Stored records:

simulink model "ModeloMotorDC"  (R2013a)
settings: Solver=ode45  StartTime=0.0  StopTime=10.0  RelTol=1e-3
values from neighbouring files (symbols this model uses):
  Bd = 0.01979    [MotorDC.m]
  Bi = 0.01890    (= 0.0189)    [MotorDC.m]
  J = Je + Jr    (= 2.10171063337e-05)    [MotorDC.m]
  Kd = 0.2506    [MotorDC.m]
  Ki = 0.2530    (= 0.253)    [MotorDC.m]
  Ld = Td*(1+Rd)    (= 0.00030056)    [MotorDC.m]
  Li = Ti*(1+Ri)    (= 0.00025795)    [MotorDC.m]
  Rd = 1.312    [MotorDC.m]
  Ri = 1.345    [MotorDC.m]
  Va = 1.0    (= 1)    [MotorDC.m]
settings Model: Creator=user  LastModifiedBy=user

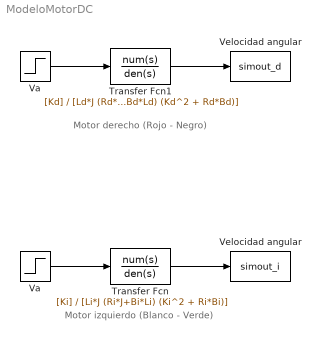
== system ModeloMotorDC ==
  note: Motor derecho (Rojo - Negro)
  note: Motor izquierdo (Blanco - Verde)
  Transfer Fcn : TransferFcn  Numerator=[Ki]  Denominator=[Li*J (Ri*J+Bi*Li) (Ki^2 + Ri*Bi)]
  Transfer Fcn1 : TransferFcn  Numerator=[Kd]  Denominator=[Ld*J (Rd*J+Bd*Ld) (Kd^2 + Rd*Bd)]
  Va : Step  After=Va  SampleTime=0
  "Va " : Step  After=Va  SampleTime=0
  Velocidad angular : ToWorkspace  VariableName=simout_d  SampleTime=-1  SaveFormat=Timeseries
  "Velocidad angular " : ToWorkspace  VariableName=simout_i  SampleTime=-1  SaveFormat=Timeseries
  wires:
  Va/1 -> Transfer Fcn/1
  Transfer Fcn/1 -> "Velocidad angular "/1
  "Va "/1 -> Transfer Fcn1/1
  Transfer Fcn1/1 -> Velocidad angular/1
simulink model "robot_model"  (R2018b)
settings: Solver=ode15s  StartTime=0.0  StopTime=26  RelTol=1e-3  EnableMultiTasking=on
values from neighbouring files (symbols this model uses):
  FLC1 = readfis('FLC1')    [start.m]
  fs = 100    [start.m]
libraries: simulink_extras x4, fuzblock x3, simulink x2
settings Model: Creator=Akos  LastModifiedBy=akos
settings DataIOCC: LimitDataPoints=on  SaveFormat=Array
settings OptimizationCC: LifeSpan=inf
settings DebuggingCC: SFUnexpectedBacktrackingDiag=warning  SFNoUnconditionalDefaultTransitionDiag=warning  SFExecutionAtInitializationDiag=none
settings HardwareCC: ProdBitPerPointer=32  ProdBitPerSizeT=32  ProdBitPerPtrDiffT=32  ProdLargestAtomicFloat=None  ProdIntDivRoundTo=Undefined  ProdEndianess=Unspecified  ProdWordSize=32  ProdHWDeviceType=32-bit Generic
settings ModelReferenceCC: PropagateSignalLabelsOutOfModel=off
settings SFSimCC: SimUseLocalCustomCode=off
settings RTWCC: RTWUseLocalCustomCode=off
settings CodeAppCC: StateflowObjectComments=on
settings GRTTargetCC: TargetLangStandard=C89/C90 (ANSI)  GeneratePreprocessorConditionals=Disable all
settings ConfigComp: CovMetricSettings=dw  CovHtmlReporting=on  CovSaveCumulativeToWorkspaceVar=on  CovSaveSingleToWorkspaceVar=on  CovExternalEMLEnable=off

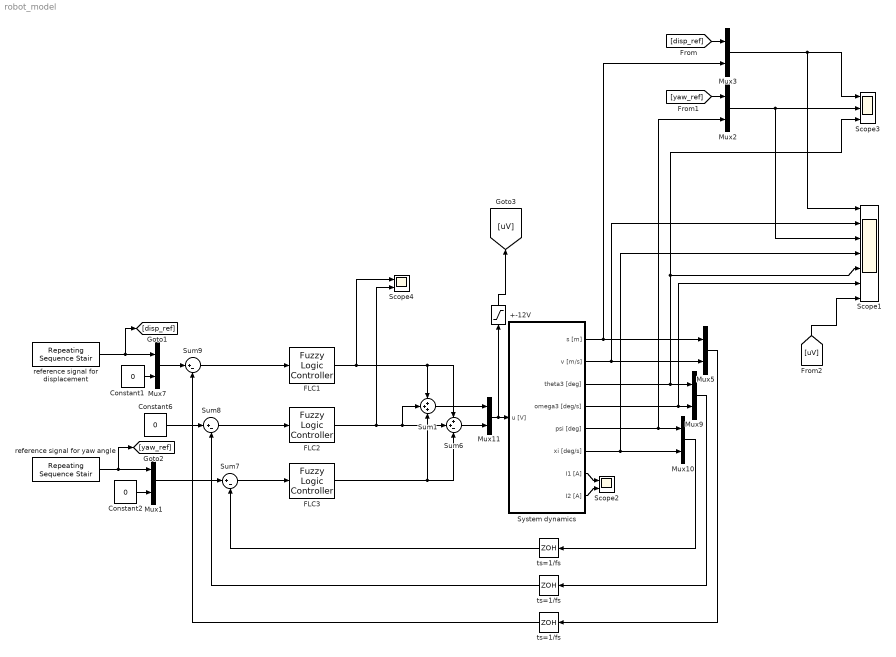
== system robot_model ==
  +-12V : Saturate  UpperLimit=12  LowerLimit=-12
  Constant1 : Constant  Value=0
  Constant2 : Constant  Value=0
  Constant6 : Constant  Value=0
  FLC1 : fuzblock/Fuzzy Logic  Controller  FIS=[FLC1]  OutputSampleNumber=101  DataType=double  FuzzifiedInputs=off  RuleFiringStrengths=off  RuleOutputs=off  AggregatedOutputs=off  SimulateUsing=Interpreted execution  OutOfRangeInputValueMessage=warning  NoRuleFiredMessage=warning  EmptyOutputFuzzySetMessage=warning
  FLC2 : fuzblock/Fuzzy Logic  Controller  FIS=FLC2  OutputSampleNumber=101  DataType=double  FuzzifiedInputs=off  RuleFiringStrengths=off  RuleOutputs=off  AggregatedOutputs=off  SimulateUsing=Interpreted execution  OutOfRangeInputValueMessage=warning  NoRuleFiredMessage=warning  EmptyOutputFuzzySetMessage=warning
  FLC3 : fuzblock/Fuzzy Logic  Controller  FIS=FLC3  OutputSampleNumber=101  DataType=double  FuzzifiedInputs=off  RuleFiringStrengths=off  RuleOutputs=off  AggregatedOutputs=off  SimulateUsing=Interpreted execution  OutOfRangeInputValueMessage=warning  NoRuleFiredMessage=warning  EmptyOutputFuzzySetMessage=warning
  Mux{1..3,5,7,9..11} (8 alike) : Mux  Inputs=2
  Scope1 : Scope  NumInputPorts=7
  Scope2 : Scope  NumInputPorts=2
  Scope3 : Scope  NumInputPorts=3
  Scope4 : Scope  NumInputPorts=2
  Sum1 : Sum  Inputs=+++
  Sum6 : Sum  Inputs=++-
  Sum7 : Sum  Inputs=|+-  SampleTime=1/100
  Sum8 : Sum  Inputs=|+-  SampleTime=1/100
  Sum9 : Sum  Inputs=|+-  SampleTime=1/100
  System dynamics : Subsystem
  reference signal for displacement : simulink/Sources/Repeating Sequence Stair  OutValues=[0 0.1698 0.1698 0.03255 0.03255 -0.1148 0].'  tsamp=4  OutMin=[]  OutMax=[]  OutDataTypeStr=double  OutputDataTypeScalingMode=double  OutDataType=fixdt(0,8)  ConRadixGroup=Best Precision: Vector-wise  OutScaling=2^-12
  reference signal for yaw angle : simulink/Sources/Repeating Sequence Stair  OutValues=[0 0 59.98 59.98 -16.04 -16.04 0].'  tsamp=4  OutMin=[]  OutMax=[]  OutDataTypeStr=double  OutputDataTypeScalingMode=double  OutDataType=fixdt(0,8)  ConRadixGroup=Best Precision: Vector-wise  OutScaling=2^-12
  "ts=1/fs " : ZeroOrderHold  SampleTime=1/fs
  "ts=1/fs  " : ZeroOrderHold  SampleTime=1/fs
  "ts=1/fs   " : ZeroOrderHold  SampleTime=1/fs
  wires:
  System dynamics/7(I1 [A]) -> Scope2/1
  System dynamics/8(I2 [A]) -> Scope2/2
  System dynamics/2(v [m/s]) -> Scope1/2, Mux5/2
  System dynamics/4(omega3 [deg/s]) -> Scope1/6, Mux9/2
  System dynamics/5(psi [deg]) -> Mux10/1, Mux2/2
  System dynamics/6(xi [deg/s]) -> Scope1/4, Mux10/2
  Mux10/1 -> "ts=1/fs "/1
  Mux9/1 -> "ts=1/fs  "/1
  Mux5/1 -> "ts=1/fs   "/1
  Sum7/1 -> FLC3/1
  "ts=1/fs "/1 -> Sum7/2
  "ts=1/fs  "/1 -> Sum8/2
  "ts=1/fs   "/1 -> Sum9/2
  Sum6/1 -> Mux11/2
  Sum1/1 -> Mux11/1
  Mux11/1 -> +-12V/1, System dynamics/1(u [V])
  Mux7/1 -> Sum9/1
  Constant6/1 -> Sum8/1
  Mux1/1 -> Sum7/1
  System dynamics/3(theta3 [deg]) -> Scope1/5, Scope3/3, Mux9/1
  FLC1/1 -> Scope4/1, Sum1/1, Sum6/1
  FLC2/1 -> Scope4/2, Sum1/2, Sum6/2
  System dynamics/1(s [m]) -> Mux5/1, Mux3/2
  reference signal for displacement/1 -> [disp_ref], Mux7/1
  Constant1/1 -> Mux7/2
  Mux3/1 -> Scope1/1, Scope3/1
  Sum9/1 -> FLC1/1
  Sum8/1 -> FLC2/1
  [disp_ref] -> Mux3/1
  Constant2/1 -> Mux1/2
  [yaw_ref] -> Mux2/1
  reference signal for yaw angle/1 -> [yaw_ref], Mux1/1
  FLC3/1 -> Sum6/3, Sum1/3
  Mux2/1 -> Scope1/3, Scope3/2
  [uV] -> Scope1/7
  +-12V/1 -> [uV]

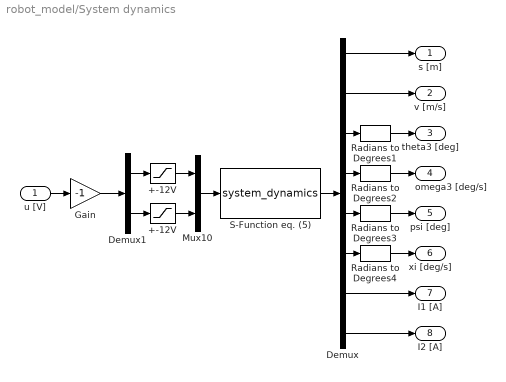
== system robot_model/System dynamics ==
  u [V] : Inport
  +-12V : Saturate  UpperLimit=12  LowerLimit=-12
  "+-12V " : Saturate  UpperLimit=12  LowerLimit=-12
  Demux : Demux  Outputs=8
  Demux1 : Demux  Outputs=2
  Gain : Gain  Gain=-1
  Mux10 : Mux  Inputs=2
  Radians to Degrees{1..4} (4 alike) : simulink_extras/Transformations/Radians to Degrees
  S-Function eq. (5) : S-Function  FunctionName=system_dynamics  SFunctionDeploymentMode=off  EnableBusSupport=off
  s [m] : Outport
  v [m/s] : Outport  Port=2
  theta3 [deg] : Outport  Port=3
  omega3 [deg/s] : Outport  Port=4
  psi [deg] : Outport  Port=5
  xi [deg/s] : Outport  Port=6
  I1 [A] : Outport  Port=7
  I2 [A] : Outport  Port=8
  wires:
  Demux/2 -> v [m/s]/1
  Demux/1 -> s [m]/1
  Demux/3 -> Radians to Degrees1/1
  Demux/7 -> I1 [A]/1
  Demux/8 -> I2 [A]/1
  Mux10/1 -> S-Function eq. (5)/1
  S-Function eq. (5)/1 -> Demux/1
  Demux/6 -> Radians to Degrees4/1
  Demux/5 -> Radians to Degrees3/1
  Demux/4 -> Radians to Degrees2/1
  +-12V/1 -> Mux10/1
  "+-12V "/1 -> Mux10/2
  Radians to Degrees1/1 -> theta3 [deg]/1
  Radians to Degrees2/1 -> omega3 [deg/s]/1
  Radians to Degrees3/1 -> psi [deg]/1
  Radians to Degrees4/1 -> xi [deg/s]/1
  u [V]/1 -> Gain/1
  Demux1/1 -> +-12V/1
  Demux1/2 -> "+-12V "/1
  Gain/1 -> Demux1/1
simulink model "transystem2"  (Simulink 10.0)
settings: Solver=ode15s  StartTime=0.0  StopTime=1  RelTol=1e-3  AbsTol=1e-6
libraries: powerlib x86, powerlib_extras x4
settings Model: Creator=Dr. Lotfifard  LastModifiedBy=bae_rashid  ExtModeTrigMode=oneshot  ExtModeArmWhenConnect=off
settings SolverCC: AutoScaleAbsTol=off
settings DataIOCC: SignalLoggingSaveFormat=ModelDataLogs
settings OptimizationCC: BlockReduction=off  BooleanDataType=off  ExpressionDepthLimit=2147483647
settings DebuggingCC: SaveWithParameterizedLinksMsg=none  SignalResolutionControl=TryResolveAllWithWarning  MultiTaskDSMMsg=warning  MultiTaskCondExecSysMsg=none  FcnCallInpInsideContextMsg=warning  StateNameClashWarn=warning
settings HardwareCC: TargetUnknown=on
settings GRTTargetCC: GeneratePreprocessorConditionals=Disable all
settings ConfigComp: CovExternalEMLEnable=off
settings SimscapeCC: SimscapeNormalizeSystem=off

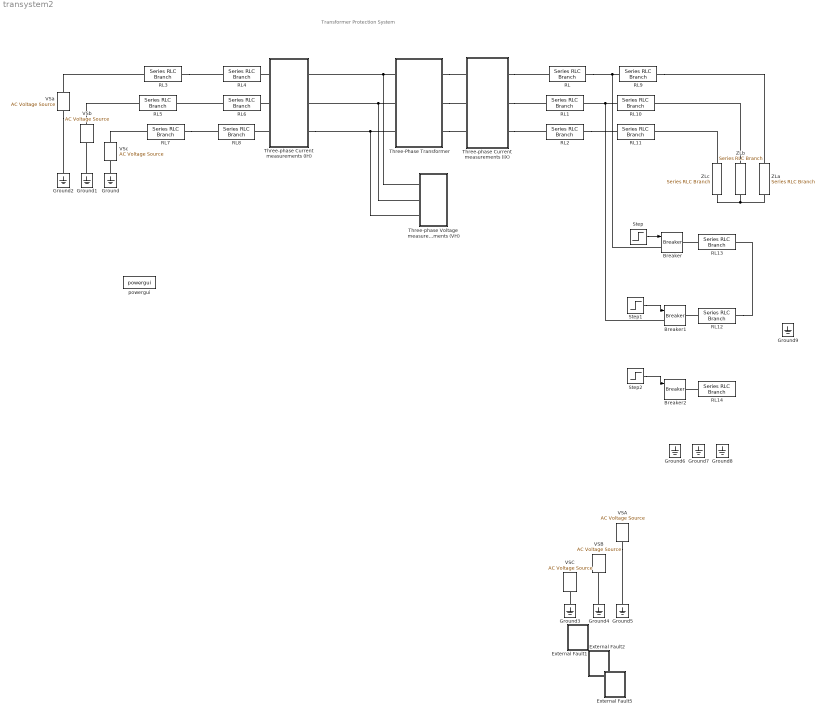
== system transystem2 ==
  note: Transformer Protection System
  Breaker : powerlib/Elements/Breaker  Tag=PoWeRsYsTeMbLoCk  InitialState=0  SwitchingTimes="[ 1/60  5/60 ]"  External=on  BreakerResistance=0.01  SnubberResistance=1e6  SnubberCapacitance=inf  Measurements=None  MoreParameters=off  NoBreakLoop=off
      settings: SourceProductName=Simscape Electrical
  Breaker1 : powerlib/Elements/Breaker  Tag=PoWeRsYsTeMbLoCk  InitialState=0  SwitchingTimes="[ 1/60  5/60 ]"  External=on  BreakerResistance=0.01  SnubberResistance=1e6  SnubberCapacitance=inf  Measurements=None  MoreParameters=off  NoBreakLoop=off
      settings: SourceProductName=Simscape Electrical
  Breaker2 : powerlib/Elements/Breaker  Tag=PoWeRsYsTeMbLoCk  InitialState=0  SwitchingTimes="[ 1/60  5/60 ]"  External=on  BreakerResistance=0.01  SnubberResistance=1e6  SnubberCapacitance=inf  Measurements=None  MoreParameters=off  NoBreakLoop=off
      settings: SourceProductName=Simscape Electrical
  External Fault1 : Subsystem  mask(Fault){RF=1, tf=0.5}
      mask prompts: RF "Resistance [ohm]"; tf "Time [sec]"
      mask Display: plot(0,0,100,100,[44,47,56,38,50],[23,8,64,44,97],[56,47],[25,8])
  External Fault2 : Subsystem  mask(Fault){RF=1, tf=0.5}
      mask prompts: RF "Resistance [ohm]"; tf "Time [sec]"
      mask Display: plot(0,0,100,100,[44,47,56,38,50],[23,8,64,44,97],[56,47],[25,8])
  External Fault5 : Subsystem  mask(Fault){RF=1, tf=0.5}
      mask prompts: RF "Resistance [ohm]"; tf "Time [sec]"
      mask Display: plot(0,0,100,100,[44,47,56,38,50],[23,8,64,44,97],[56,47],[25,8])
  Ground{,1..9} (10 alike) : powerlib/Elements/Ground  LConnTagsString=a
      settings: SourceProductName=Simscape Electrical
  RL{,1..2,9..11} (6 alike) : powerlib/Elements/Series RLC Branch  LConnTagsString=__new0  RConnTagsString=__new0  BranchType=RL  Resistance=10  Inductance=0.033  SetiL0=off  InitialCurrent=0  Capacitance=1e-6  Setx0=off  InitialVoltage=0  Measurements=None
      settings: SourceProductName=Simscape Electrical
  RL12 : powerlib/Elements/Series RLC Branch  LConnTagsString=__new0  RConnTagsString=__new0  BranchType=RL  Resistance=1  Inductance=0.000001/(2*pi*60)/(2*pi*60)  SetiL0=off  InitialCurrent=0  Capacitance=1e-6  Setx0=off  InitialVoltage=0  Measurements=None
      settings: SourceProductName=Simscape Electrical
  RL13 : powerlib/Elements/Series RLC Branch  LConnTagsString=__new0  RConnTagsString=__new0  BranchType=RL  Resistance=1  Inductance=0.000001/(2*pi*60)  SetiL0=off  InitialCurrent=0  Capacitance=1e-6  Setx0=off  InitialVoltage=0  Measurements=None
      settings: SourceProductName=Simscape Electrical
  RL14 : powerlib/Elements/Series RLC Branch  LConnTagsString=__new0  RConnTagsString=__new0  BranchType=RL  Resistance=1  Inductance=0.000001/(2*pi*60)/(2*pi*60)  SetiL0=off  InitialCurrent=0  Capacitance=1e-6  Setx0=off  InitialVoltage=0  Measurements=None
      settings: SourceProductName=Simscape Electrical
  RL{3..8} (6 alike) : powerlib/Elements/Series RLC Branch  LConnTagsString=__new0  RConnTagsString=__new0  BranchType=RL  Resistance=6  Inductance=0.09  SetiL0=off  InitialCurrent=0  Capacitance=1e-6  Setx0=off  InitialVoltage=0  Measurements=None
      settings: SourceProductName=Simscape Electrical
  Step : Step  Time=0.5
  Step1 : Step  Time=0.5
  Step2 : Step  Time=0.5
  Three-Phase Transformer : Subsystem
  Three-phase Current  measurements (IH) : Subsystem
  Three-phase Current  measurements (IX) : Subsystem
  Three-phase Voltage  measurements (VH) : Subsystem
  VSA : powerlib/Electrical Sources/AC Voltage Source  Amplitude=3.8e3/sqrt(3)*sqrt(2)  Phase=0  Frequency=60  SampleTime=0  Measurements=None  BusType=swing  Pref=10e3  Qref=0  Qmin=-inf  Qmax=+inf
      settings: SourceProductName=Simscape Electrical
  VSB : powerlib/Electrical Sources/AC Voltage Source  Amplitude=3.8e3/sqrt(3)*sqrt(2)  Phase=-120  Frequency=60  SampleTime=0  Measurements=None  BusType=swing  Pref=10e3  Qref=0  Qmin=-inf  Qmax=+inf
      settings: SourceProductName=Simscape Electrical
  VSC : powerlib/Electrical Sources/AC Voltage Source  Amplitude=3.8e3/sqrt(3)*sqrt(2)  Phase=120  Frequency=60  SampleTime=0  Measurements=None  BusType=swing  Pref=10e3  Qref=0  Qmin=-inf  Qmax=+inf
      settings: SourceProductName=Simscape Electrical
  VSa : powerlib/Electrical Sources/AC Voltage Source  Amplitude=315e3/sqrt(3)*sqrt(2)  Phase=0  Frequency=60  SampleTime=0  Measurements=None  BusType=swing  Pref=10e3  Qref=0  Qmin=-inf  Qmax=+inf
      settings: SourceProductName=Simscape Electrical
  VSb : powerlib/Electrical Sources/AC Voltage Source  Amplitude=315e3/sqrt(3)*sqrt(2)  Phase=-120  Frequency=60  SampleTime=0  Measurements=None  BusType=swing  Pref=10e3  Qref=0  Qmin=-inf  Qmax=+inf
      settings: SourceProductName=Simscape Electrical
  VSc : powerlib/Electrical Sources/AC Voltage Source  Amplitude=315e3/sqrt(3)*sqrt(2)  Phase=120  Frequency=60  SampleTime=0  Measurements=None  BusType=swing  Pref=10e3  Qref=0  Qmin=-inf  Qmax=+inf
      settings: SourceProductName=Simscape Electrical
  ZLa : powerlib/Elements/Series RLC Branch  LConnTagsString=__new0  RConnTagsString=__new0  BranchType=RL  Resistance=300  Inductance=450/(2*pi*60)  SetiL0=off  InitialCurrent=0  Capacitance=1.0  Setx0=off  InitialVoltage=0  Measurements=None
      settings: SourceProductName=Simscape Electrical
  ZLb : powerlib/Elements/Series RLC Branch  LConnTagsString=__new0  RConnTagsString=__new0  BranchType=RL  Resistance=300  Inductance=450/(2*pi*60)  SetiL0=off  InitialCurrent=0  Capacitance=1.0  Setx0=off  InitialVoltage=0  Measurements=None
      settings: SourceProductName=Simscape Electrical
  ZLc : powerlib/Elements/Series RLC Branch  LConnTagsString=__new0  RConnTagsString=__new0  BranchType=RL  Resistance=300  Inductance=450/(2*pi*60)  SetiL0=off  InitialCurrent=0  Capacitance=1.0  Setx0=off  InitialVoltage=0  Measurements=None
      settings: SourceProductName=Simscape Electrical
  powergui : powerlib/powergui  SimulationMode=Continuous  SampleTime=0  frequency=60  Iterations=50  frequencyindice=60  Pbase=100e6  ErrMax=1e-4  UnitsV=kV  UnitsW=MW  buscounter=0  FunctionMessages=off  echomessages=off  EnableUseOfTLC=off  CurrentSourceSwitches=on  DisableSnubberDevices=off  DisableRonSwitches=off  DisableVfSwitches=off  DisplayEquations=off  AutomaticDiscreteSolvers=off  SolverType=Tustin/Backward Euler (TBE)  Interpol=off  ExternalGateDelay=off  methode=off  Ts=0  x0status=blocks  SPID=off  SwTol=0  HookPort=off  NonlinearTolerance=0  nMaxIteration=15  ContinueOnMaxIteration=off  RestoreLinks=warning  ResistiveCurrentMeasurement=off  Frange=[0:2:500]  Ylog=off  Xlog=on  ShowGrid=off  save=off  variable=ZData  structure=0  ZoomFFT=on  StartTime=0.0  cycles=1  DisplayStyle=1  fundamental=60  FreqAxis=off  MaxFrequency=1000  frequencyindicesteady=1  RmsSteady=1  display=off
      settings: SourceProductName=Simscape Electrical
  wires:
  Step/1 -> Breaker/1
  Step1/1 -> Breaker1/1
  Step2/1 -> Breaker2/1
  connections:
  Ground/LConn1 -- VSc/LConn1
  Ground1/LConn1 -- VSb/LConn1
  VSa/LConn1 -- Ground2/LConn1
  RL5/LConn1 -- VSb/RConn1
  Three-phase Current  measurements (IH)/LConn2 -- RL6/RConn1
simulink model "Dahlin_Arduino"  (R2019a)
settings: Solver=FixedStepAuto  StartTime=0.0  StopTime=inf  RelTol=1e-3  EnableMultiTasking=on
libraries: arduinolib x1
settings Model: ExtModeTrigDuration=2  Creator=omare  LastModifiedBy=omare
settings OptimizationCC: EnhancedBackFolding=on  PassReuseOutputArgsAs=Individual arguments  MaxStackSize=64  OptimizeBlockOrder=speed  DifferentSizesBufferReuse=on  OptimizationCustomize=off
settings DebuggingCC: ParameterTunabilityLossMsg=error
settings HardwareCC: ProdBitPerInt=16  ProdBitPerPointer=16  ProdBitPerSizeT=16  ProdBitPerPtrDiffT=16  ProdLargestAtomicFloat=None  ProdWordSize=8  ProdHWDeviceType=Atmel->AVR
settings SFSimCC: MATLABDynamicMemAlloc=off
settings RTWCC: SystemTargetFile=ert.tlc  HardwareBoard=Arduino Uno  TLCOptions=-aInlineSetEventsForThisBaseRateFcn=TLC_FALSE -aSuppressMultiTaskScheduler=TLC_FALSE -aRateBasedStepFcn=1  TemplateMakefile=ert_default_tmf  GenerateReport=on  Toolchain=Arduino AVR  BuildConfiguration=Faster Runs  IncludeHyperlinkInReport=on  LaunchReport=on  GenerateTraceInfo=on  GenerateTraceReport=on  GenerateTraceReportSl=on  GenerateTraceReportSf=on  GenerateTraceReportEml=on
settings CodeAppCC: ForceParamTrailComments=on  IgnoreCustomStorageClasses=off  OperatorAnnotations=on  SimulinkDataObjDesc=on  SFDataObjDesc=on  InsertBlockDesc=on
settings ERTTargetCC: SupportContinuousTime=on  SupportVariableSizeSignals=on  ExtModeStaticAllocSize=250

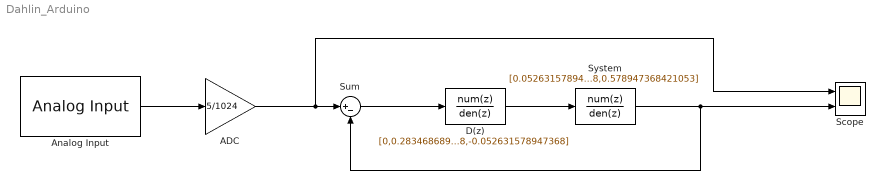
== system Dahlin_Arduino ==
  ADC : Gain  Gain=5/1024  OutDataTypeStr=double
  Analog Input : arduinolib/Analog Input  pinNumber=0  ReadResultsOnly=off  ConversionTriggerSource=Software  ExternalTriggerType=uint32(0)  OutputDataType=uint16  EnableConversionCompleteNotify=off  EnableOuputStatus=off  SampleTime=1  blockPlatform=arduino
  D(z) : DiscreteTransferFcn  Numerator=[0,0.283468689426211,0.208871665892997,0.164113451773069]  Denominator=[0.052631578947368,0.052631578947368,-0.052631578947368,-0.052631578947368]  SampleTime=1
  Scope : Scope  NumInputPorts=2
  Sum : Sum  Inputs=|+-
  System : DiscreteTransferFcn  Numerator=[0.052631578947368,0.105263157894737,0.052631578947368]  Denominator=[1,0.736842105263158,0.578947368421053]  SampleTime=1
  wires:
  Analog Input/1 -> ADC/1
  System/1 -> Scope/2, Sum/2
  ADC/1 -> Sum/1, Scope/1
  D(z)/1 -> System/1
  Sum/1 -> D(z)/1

▶ ACTIVITY
From the records above, copy exactly the lines starting at the one with "System dynamics/4(omega3 [deg/s])" and ending at the one with "I2 [A] : Outport", and no others. Pictures stay out.

▶ OUTPUT BELOW
  System dynamics/4(omega3 [deg/s]) -> Scope1/6, Mux9/2
  System dynamics/5(psi [deg]) -> Mux10/1, Mux2/2
  System dynamics/6(xi [deg/s]) -> Scope1/4, Mux10/2
  Mux10/1 -> "ts=1/fs "/1
  Mux9/1 -> "ts=1/fs  "/1
  Mux5/1 -> "ts=1/fs   "/1
  Sum7/1 -> FLC3/1
  "ts=1/fs "/1 -> Sum7/2
  "ts=1/fs  "/1 -> Sum8/2
  "ts=1/fs   "/1 -> Sum9/2
  Sum6/1 -> Mux11/2
  Sum1/1 -> Mux11/1
  Mux11/1 -> +-12V/1, System dynamics/1(u [V])
  Mux7/1 -> Sum9/1
  Constant6/1 -> Sum8/1
  Mux1/1 -> Sum7/1
  System dynamics/3(theta3 [deg]) -> Scope1/5, Scope3/3, Mux9/1
  FLC1/1 -> Scope4/1, Sum1/1, Sum6/1
  FLC2/1 -> Scope4/2, Sum1/2, Sum6/2
  System dynamics/1(s [m]) -> Mux5/1, Mux3/2
  reference signal for displacement/1 -> [disp_ref], Mux7/1
  Constant1/1 -> Mux7/2
  Mux3/1 -> Scope1/1, Scope3/1
  Sum9/1 -> FLC1/1
  Sum8/1 -> FLC2/1
  [disp_ref] -> Mux3/1
  Constant2/1 -> Mux1/2
  [yaw_ref] -> Mux2/1
  reference signal for yaw angle/1 -> [yaw_ref], Mux1/1
  FLC3/1 -> Sum6/3, Sum1/3
  Mux2/1 -> Scope1/3, Scope3/2
  [uV] -> Scope1/7
  +-12V/1 -> [uV]

== system robot_model/System dynamics ==
  u [V] : Inport
  +-12V : Saturate  UpperLimit=12  LowerLimit=-12
  "+-12V " : Saturate  UpperLimit=12  LowerLimit=-12
  Demux : Demux  Outputs=8
  Demux1 : Demux  Outputs=2
  Gain : Gain  Gain=-1
  Mux10 : Mux  Inputs=2
  Radians to Degrees{1..4} (4 alike) : simulink_extras/Transformations/Radians to Degrees
  S-Function eq. (5) : S-Function  FunctionName=system_dynamics  SFunctionDeploymentMode=off  EnableBusSupport=off
  s [m] : Outport
  v [m/s] : Outport  Port=2
  theta3 [deg] : Outport  Port=3
  omega3 [deg/s] : Outport  Port=4
  psi [deg] : Outport  Port=5
  xi [deg/s] : Outport  Port=6
  I1 [A] : Outport  Port=7
  I2 [A] : Outport  Port=8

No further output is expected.